Mario, I apologise if I’m asking something you have already outlined in this thread.
But just how severe was your erectile dysfunction BEFORE the methylation protocol?
Can you give a % for before and after? And also for where you are now? That would be very useful. I am about to embark on the methylation protocol myself.
I put a study here long ago that DIM is not good also broccoli is not good.I don’t remember the exact mechanism but the study said Broccoli or DIM first reduce your estrogen but then some how you end up with more Estrogen. I used to drink broccoli juice but I felt the exactly the way the study described so I stopped it. The study suggested using TMG instead.

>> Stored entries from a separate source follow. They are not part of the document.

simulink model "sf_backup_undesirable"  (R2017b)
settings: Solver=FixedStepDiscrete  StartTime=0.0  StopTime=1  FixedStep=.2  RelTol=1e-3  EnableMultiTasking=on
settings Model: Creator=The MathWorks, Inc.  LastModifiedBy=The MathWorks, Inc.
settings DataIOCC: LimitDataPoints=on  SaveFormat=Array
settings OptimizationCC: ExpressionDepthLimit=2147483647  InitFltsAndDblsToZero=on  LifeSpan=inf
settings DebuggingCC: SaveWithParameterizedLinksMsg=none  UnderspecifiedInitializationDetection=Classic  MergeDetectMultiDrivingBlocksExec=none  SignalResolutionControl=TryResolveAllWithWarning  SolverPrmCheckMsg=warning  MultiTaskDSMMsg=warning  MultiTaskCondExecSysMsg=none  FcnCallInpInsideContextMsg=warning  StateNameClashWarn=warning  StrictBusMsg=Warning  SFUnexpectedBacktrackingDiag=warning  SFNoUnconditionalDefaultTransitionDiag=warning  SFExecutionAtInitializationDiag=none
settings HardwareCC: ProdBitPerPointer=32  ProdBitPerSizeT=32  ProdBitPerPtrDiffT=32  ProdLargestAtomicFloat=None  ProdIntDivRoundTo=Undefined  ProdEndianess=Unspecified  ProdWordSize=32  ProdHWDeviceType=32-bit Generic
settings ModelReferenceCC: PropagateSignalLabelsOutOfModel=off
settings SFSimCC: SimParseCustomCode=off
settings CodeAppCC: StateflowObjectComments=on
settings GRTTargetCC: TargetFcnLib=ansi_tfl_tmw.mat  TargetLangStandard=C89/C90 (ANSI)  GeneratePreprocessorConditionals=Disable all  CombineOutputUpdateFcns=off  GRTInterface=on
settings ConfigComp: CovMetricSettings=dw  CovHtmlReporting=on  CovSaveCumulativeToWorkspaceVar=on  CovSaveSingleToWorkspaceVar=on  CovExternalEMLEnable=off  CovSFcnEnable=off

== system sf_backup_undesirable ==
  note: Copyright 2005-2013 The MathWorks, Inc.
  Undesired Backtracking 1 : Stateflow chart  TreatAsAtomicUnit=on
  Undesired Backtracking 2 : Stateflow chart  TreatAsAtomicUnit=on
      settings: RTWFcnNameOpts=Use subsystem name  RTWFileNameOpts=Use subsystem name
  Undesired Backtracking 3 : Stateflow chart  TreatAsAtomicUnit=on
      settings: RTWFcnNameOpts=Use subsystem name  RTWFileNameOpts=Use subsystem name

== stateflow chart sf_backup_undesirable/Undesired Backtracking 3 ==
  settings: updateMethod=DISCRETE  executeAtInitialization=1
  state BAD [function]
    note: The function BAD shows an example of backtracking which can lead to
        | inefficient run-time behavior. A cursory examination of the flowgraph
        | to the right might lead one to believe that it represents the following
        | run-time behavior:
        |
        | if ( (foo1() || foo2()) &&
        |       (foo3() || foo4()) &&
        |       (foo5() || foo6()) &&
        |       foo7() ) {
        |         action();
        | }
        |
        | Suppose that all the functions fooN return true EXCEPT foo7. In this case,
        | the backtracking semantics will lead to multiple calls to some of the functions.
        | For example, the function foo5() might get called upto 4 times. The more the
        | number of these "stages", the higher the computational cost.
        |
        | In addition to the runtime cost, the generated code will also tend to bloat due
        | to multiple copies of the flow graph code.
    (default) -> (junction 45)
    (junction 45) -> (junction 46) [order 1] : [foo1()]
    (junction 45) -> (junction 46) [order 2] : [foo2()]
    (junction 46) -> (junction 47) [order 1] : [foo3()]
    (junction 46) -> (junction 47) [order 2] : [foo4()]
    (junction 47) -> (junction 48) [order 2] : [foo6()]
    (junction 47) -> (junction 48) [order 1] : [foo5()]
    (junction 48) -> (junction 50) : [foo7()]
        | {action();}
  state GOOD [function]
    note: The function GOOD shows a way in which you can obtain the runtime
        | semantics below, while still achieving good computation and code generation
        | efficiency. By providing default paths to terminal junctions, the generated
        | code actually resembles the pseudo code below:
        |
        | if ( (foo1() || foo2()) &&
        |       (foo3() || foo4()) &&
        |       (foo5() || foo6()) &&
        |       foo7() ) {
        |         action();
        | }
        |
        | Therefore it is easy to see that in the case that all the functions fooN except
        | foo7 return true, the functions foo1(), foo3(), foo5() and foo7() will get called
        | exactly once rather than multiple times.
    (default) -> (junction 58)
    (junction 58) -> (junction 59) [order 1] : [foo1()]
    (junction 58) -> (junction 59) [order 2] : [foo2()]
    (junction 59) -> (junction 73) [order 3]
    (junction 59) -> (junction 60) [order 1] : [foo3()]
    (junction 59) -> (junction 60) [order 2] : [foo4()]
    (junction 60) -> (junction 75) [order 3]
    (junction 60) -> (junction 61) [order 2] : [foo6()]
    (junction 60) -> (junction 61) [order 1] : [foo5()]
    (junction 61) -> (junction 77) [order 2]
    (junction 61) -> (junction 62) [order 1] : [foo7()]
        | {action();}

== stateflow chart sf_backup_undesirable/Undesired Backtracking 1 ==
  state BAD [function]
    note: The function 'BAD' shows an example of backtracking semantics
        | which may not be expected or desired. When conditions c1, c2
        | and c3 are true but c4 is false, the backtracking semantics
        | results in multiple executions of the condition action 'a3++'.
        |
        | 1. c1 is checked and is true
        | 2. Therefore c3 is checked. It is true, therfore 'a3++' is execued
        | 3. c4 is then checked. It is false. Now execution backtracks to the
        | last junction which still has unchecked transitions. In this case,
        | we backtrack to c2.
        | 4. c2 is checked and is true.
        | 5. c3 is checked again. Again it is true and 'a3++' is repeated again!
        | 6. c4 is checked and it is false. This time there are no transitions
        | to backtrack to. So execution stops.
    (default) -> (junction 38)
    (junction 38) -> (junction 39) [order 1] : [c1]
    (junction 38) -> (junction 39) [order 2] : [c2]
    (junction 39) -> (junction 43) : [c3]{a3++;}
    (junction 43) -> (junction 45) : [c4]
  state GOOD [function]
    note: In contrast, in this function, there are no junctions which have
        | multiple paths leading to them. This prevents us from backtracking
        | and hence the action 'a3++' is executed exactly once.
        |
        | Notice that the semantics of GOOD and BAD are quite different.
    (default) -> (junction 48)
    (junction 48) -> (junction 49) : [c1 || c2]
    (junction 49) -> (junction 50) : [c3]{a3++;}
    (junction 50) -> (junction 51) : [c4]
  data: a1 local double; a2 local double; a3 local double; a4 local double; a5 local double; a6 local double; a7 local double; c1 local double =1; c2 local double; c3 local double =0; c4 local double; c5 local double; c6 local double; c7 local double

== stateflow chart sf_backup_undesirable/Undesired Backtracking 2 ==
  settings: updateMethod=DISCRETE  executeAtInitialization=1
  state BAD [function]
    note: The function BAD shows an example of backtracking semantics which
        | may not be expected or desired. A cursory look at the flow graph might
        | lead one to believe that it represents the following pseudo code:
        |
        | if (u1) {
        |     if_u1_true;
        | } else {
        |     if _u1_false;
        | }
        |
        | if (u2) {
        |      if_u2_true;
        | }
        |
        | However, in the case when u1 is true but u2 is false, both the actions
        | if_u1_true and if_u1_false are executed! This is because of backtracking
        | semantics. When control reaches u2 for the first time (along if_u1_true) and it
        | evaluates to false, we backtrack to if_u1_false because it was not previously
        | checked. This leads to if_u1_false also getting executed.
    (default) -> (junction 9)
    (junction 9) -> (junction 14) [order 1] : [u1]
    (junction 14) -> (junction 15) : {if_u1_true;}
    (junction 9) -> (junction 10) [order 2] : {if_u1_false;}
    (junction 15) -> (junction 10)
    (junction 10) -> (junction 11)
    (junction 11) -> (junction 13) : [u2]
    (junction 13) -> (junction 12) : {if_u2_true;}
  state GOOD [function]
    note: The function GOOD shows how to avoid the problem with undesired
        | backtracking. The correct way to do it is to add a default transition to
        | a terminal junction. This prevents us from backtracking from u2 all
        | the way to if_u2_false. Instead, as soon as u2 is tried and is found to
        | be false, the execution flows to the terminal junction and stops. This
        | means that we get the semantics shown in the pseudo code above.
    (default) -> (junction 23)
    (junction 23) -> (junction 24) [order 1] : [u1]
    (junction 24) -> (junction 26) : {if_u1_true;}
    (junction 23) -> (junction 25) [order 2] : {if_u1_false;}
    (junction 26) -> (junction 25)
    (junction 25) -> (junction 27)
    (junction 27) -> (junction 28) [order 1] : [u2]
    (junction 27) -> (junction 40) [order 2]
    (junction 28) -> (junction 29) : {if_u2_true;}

I would have days with very good erections and some days i couldn’t have an erection at all. The Methylation protocol gave me a minor boost but mainly it significantly attenuated Brain Fog and Insomnia and my Emotional well-being.
Actually this is the reason that i felt that something is missing with the plain methylation Theory. What drastically changed my erections quality is when i boosted P450 through diet and avoidance of specific substances that inhibit these enzymes.